* **DATA SHOWN**:

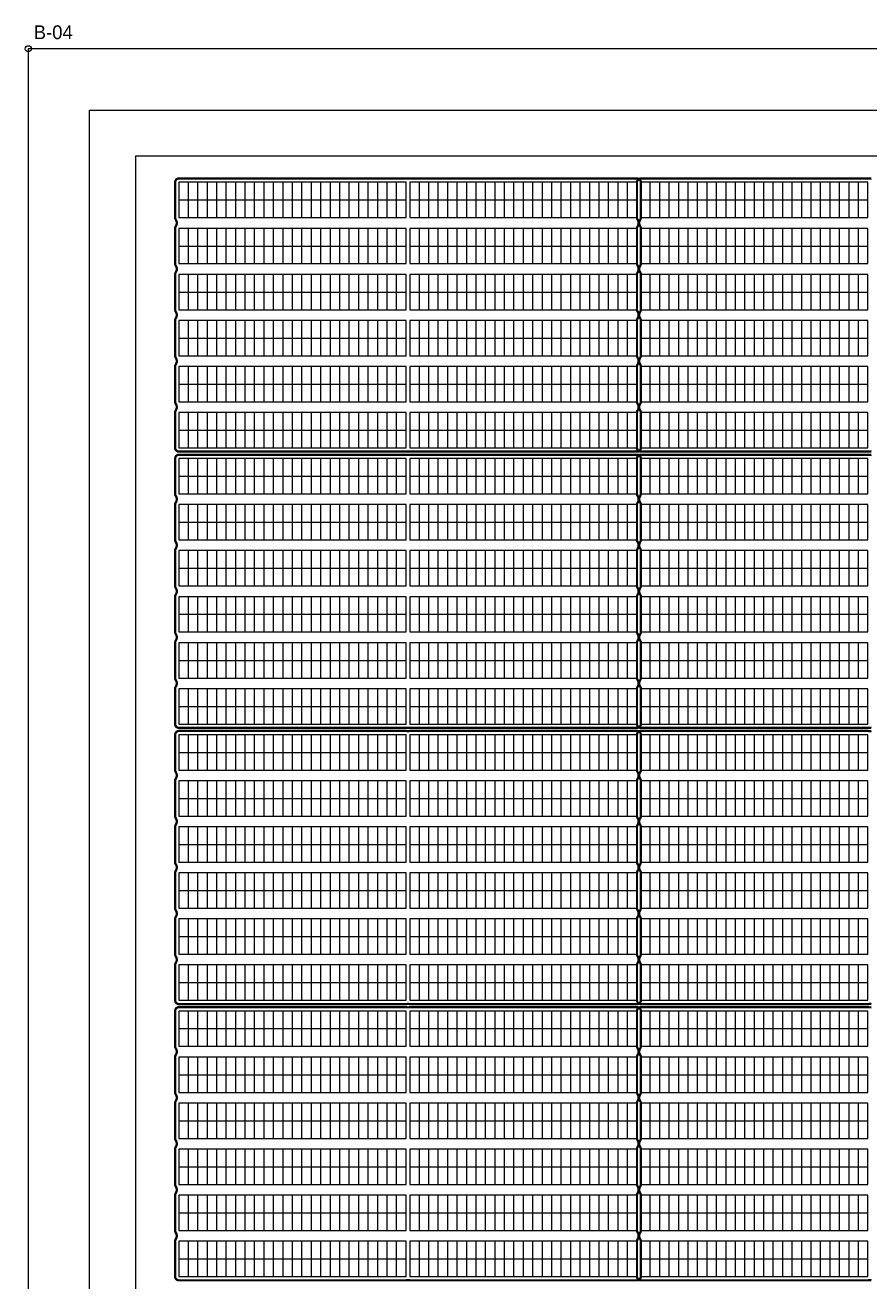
# Model space of a CAD drawing. Header units: metres. Extents: x 1000 to 1920, y 586 to 1306.
# Drawn here: x 999.6 to 1109.7, y 1139.3 to 1303.1 of the extents above; entities that cross this region are included whole.
import ezdxf
from ezdxf.enums import TextEntityAlignment as Align

# ---------------------------------------------------------------- set-up
doc = ezdxf.new("R2010")
doc.units = ezdxf.units.M
for name, color, linetype in [('BOUNDARY', 7, 'Continuous'), ('BOUNDARY_POINTS', 7, 'Continuous'), ('GROUP_BOUNDARY', 1, 'Continuous'), ('MODULES', 5, 'Continuous'), ('PV_TABLES', 3, 'Continuous'), ('SERVICE_ROAD', 1, 'Continuous')]:
    doc.layers.add(name, color=color, linetype=linetype)

# ---------------------------------------------------------------- blocks, each defined once
blk = doc.blocks.new('PV_TABLE_2x24')
at = {"layer": 'MODULES'}
for p, q in [((1.23333, 0), (1.23333, 4.6)), ((2.46666, 0), (2.46666, 4.6)), ((3.69999, 0), (3.69999, 4.6)), ((4.93332, 0), (4.93332, 4.6)), ((6.16665, 0), (6.16665, 4.6)), ((7.39998, 0), (7.39998, 4.6)), ((8.63331, 0), (8.63331, 4.6)), ((9.86664, 0), (9.86664, 4.6)), ((11.09997, 0), (11.09997, 4.6)), ((12.3333, 0), (12.3333, 4.6)), ((13.56663, 0), (13.56663, 4.6)), ((14.79996, 0), (14.79996, 4.6)), ((16.03329, 0), (16.03329, 4.6)), ((17.26662, 0), (17.26662, 4.6)), ((18.49995, 0), (18.49995, 4.6)), ((19.73328, 0), (19.73328, 4.6)), ((20.96661, 0), (20.96661, 4.6)), ((22.19994, 0), (22.19994, 4.6)), ((23.43327, 0), (23.43327, 4.6)), ((24.6666, 0), (24.6666, 4.6)), ((25.89993, 0), (25.89993, 4.6)), ((27.13326, 0), (27.13326, 4.6)), ((28.36659, 0), (28.36659, 4.6)), ((0, 2.3), (29.59992, 2.3))]:
    blk.add_line(p, q, dxfattribs=at)
blk.add_lwpolyline([(0, 0), (29.59992, 0), (29.59992, 4.6), (0, 4.6)], close=True, dxfattribs=at)

msp = doc.modelspace()

# ---------------------------------------------------------------- linework, layer by layer
at = {"layer": 'BOUNDARY'}
msp.add_lwpolyline([(1000, 1000), (1400, 1000), (1400, 1300), (1000, 1300), (1000, 1000)], close=True, dxfattribs=at)
at = {"layer": 'BOUNDARY_POINTS'}
msp.add_circle((1000, 1300), 0.4, dxfattribs=at)
at = {"layer": 'GROUP_BOUNDARY', "color": 1, "lineweight": 211, "true_color": 0xdc143c, "const_width": 0.3}
for points in [[(1019.26, 1252.91), (1019.29, 1252.98), (1019.32, 1253.05), (1019.34, 1253.12), (1019.36, 1253.19), (1019.36, 1253.26), (1019.36, 1253.34), (1019.36, 1253.41), (1019.34, 1253.48), (1019.32, 1253.55), (1019.29, 1253.62), (1019.26, 1253.69), (1019.25, 1253.7), (1019.21, 1253.76), (1019.19, 1253.81), (1019.17, 1253.86), (1019.16, 1253.9), (1019.15, 1253.95), (1019.15, 1254.02), (1019.15, 1258.58), (1019.15, 1258.65), (1019.16, 1258.7), (1019.17, 1258.74), (1019.19, 1258.79), (1019.21, 1258.84), (1019.25, 1258.9), (1019.26, 1258.91), (1019.29, 1258.98), (1019.32, 1259.05), (1019.34, 1259.12), (1019.36, 1259.19), (1019.36, 1259.27), (1019.36, 1259.34), (1019.36, 1259.41), (1019.34, 1259.49), (1019.32, 1259.56), (1019.29, 1259.62), (1019.26, 1259.69), (1019.21, 1259.77), (1019.19, 1259.81), (1019.17, 1259.86), (1019.16, 1259.9), (1019.15, 1259.95), (1019.15, 1260.02), (1019.15, 1264.58), (1019.15, 1264.65), (1019.16, 1264.7), (1019.17, 1264.74), (1019.19, 1264.79), (1019.21, 1264.84), (1019.25, 1264.9), (1019.26, 1264.91), (1019.29, 1264.98), (1019.32, 1265.05), (1019.34, 1265.12), (1019.36, 1265.19), (1019.36, 1265.27), (1019.36, 1265.34), (1019.36, 1265.41), (1019.34, 1265.49), (1019.32, 1265.56), (1019.29, 1265.62), (1019.26, 1265.69), (1019.21, 1265.77), (1019.19, 1265.81), (1019.17, 1265.86), (1019.16, 1265.9), (1019.15, 1265.95), (1019.15, 1266.02), (1019.15, 1270.58), (1019.15, 1270.65), (1019.16, 1270.7), (1019.17, 1270.74), (1019.19, 1270.79), (1019.21, 1270.84), (1019.25, 1270.9), (1019.26, 1270.91), (1019.29, 1270.98), (1019.32, 1271.05), (1019.34, 1271.12), (1019.36, 1271.19), (1019.36, 1271.27), (1019.36, 1271.34), (1019.36, 1271.41), (1019.34, 1271.49), (1019.32, 1271.56), (1019.29, 1271.62), (1019.26, 1271.69), (1019.21, 1271.77), (1019.19, 1271.81), (1019.17, 1271.86), (1019.16, 1271.9), (1019.15, 1271.95), (1019.15, 1272.02), (1019.15, 1276.58), (1019.15, 1276.65), (1019.16, 1276.7), (1019.17, 1276.74), (1019.19, 1276.79), (1019.21, 1276.84), (1019.25, 1276.9), (1019.26, 1276.91), (1019.29, 1276.98), (1019.32, 1277.05), (1019.34, 1277.12), (1019.36, 1277.19), (1019.36, 1277.27), (1019.36, 1277.34), (1019.36, 1277.41), (1019.34, 1277.49), (1019.32, 1277.56), (1019.29, 1277.62), (1019.26, 1277.69), (1019.21, 1277.77), (1019.19, 1277.81), (1019.17, 1277.86), (1019.16, 1277.9), (1019.15, 1277.95), (1019.15, 1278.02), (1019.15, 1282.58), (1019.15, 1282.65), (1019.16, 1282.7), (1019.17, 1282.74), (1019.19, 1282.79), (1019.21, 1282.84), (1019.24, 1282.88), (1019.26, 1282.92), (1019.3, 1282.95), (1019.33, 1282.99), (1019.37, 1283.01), (1019.42, 1283.04), (1019.46, 1283.06), (1019.51, 1283.08), (1019.55, 1283.09), (1019.6, 1283.1), (1019.67, 1283.1), (1049.23, 1283.1), (1049.3, 1283.1), (1049.38, 1283.08), (1049.39, 1283.08), (1049.47, 1283.08), (1049.54, 1283.08), (1049.61, 1283.08), (1049.7, 1283.1), (1049.77, 1283.1), (1079.33, 1283.1), (1079.4, 1283.1), (1079.45, 1283.09), (1079.5, 1283.08), (1079.54, 1283.06), (1079.59, 1283.04), (1079.63, 1283.01), (1079.67, 1282.99), (1079.7, 1282.95), (1079.74, 1282.92), (1079.77, 1282.88), (1079.79, 1282.84), (1079.81, 1282.79), (1079.83, 1282.74), (1079.84, 1282.7), (1079.85, 1282.65), (1079.85, 1282.58), (1079.85, 1278.02), (1079.85, 1277.95), (1079.84, 1277.9), (1079.83, 1277.86), (1079.81, 1277.81), (1079.79, 1277.76), (1079.75, 1277.7), (1079.74, 1277.69), (1079.71, 1277.62), (1079.68, 1277.55), (1079.66, 1277.48), (1079.64, 1277.41), (1079.64, 1277.33), (1079.64, 1277.26), (1079.64, 1277.19), (1079.66, 1277.11), (1079.68, 1277.04), (1079.71, 1276.98), (1079.74, 1276.91), (1079.79, 1276.83), (1079.81, 1276.79), (1079.83, 1276.74), (1079.84, 1276.7), (1079.85, 1276.65), (1079.85, 1276.58), (1079.85, 1272.02), (1079.85, 1271.95), (1079.84, 1271.9), (1079.83, 1271.86), (1079.81, 1271.81), (1079.79, 1271.76), (1079.75, 1271.7), (1079.74, 1271.69), (1079.71, 1271.62), (1079.68, 1271.55), (1079.66, 1271.48), (1079.64, 1271.41), (1079.64, 1271.33), (1079.64, 1271.26), (1079.64, 1271.19), (1079.66, 1271.11), (1079.68, 1271.04), (1079.71, 1270.98), (1079.74, 1270.91), (1079.79, 1270.83), (1079.81, 1270.79), (1079.83, 1270.74), (1079.84, 1270.7), (1079.85, 1270.65), (1079.85, 1270.58), (1079.85, 1266.02), (1079.85, 1265.95), (1079.84, 1265.9), (1079.83, 1265.86), (1079.81, 1265.81), (1079.79, 1265.76), (1079.75, 1265.7), (1079.74, 1265.69), (1079.71, 1265.62), (1079.68, 1265.55), (1079.66, 1265.48), (1079.64, 1265.41), (1079.64, 1265.33), (1079.64, 1265.26), (1079.64, 1265.19), (1079.66, 1265.11), (1079.68, 1265.04), (1079.71, 1264.98), (1079.74, 1264.91), (1079.79, 1264.83), (1079.81, 1264.79), (1079.83, 1264.74), (1079.84, 1264.7), (1079.85, 1264.65), (1079.85, 1264.58), (1079.85, 1260.02), (1079.85, 1259.95), (1079.84, 1259.9), (1079.83, 1259.86), (1079.81, 1259.81), (1079.79, 1259.76), (1079.75, 1259.7), (1079.74, 1259.69), (1079.71, 1259.62), (1079.68, 1259.55), (1079.66, 1259.48), (1079.64, 1259.41), (1079.64, 1259.33), (1079.64, 1259.26), (1079.64, 1259.19), (1079.66, 1259.11), (1079.68, 1259.04), (1079.71, 1258.98), (1079.74, 1258.91), (1079.79, 1258.83), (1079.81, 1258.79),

* **ACTIVITY**: Give again, word for word, every line from the top of the entries above to the line holding "import ezdxf", both included. Leave the pictures out.

* **OUTPUT OF THE EXERCISE**:
# Model space of a CAD drawing. Header units: metres. Extents: x 1000 to 1920, y 586 to 1306.
# Drawn here: x 999.6 to 1109.7, y 1139.3 to 1303.1 of the extents above; entities that cross this region are included whole.
import ezdxf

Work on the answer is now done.